=== Records for the exercise ===

------------------------------------------------------------------------

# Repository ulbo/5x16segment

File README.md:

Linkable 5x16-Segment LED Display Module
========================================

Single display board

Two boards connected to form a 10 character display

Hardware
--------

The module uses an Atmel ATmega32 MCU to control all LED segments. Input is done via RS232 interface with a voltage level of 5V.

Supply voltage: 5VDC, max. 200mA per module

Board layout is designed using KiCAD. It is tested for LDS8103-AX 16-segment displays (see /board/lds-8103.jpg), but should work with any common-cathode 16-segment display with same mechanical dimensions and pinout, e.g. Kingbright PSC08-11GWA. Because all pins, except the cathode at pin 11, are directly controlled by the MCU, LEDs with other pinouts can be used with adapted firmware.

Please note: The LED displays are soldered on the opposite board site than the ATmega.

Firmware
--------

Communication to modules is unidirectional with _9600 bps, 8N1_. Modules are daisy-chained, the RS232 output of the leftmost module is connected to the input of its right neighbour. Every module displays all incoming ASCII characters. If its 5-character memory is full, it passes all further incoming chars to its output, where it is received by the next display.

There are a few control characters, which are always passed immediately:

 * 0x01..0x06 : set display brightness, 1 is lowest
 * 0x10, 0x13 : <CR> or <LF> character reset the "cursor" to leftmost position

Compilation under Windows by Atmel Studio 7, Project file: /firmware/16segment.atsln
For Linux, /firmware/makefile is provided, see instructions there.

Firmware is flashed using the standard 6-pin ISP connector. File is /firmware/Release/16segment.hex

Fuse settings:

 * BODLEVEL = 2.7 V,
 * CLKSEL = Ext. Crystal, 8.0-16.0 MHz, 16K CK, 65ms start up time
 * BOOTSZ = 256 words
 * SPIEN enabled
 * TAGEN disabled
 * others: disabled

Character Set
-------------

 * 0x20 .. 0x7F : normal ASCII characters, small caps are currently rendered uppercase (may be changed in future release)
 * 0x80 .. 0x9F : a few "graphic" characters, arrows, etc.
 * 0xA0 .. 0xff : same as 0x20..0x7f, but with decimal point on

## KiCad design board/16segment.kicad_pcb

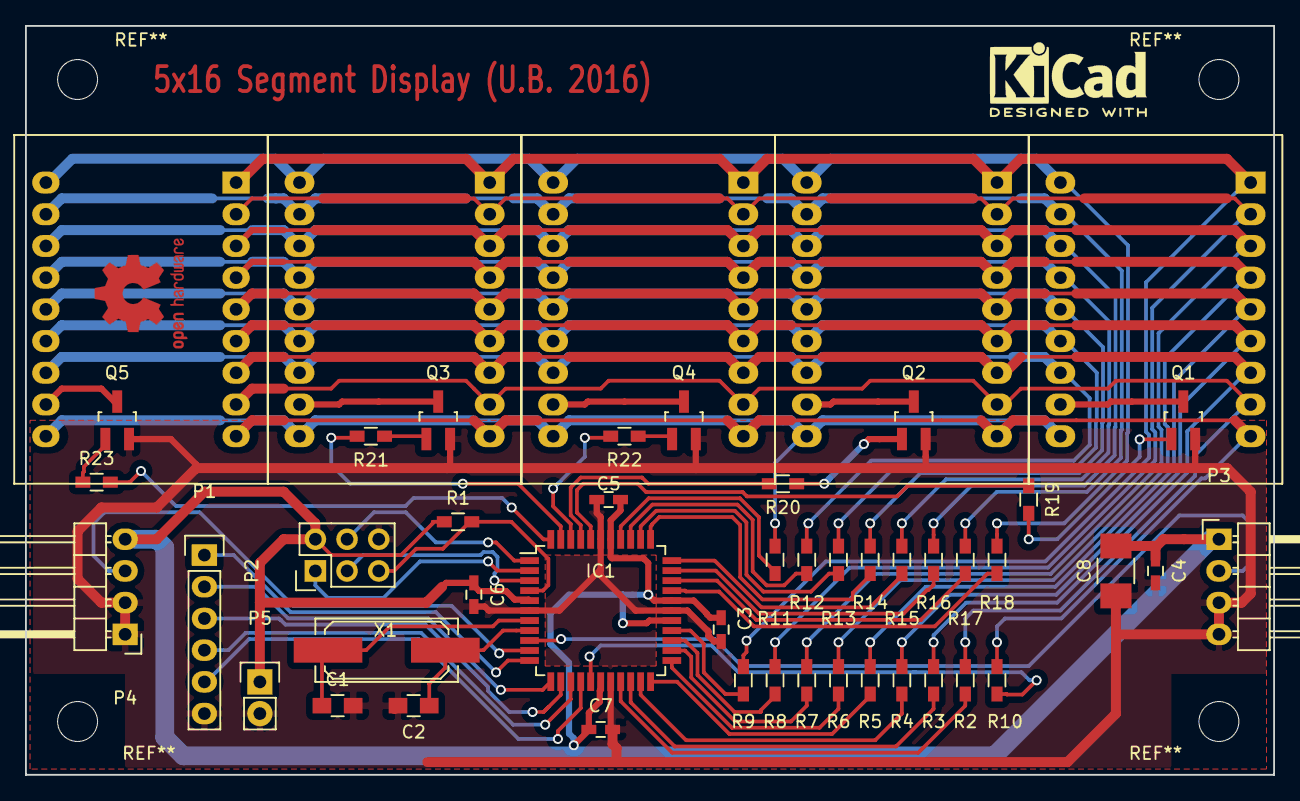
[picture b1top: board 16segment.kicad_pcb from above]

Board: 2 copper layers, 100.0 x 60.0 mm, 48 parts (0 on the bottom side), 64 nets.

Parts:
C1, C2: 15pF; C_0805_HandSoldering
C3, C4, C5, C6, C7: 100nF; C_0603_HandSoldering
C8: 10uF; C_1210_HandSoldering
IC1: ATMEGA16-A; TQFP-44_10x10mm_Pitch0.8mm
LED1, LED2, LED3, LED4, LED5: LDS-8103AX; LDS8103-AX_rev
P1: CONN_01X06; Pin_Header_Straight_1x06
P2: AVR ISP; Pin_Header_Straight_2x03
P3: DATA_IN; Pin_Header_Angled_1x04
P4: DATA_OUT; Pin_Header_Angled_1x04
P5: CONN_01X02; Pin_Header_Straight_1x02
Q1, Q2, Q3, Q4, Q5: BC817-40; SOT-23_Handsoldering
R1: 10k; R_0603_HandSoldering
R2, R3, R4, R5, R6, R7, R8, R9, R10, R11, R12, R13, R14, R15, R16, R17, R18: 180; R_0603_HandSoldering
R19, R20, R21, R22, R23: 470; R_0603_HandSoldering
X1: 16 MHz; Q_49U3HMS

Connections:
/LED_1: IC1.40, R19.2
/LED_2: IC1.41, R20.2
/LED_3: IC1.42, R22.2
/LED_4: IC1.43, R21.2
/LED_5: IC1.44, R23.2
/LED_A1: LED1.1, LED2.1, LED3.1, LED4.1, LED5.1, R9.1
/LED_A2: LED1.18, LED2.18, LED3.18, LED4.18, LED5.18, R18.1
/LED_B: LED1.16, LED2.16, LED3.16, LED4.16, LED5.16, R16.1
/LED_C: LED1.13, LED2.13, LED3.13, LED4.13, LED5.13, R13.1
/LED_D1: LED1.9, LED2.9, LED3.9, LED4.9, LED5.9, R10.1
/LED_D2: LED1.10, LED2.10, LED3.10, LED4.10, LED5.10, R11.1
/LED_DP: LED1.12, LED2.12, LED3.12, LED4.12, LED5.12, R12.1
/LED_E: LED1.8, LED2.8, LED3.8, LED4.8, LED5.8, R2.1
/LED_F: LED1.4, LED2.4, LED3.4, LED4.4, LED5.4, R6.1
/LED_G1: LED1.5, LED2.5, LED3.5, LED4.5, LED5.5, R5.1
/LED_G2: LED1.15, LED2.15, LED3.15, LED4.15, LED5.15, R15.1
/LED_H: LED1.3, LED2.3, LED3.3, LED4.3, LED5.3, R7.1
/LED_J: LED1.2, LED2.2, LED3.2, LED4.2, LED5.2, R8.1
/LED_K: LED1.17, LED2.17, LED3.17, LED4.17, LED5.17, R17.1
/LED_L: LED1.14, LED2.14, LED3.14, LED4.14, LED5.14, R14.1
/LED_M: LED1.6, LED2.6, LED3.6, LED4.6, LED5.6, R4.1
/LED_N: LED1.7, LED2.7, LED3.7, LED4.7, LED5.7, R3.1
/MISO: IC1.2, P2.1
/MOSI: IC1.1, P2.4
/RESET: IC1.4, P2.5, R1.2
/RxD: IC1.9, P3.2
/SCK: IC1.3, P2.3
/TxD: IC1.10, P4.3
GND: C1.2, C2.2, C3.2, C4.2, C5.2, C6.2, C7.2, C8.2, IC1.6, IC1.18, IC1.28, IC1.39, P1.6, P2.6, P3.3, P3.4, P4.1, P4.2, P5.2, Q1.2, Q2.2, Q3.2, Q4.2, Q5.2
unnamed: C1.1, IC1.7, X1.1
unnamed: C2.1, IC1.8, X1.2
unnamed: IC1.11, P1.1
unnamed: IC1.12, P1.2
unnamed: IC1.13, P1.3
unnamed: IC1.14, P1.4
unnamed: IC1.15, P1.5
unnamed: IC1.16, R10.2
unnamed: IC1.19, R2.2
unnamed: IC1.20, R3.2
unnamed: IC1.21, R4.2
unnamed: IC1.22, R5.2
unnamed: IC1.23, R6.2
unnamed: IC1.24, R7.2
unnamed: IC1.25, R8.2
unnamed: IC1.26, R9.2
unnamed: IC1.30, R18.2
unnamed: IC1.31, R17.2
unnamed: IC1.32, R16.2
unnamed: IC1.33, R15.2
unnamed: IC1.34, R14.2
unnamed: IC1.35, R13.2
unnamed: IC1.36, R12.2
unnamed: IC1.37, R11.2
unnamed: LED1.11, Q1.3
unnamed: LED2.11, Q2.3
unnamed: LED3.11, Q3.3
unnamed: LED4.11, Q4.3
unnamed: LED5.11, Q5.3
unnamed: Q1.1, R19.1
unnamed: Q2.1, R20.1
unnamed: Q3.1, R21.1
unnamed: Q4.1, R22.1
unnamed: Q5.1, R23.1
VCC: C3.1, C4.1, C5.1, C6.1, C7.1, C8.1, IC1.5, IC1.17, IC1.27, IC1.29, IC1.38, P2.2, P3.1, P4.4, P5.1, R1.1

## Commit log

2017-01-23 Initial release.
2017-01-23 Added pictures
2017-01-24 Set theme jekyll-theme-midnight

------------------------------------------------------------------------

=== To do ===
Reproduce exactly the stretch of the material above that starts at the line with "Two boards connected" and ends at the line with "Supply voltage: 5VDC, max. 200mA per module", both included, and nothing else.

=== Response to this exercise ===
Two boards connected to form a 10 character display

Hardware
--------

The module uses an Atmel ATmega32 MCU to control all LED segments. Input is done via RS232 interface with a voltage level of 5V.

Supply voltage: 5VDC, max. 200mA per module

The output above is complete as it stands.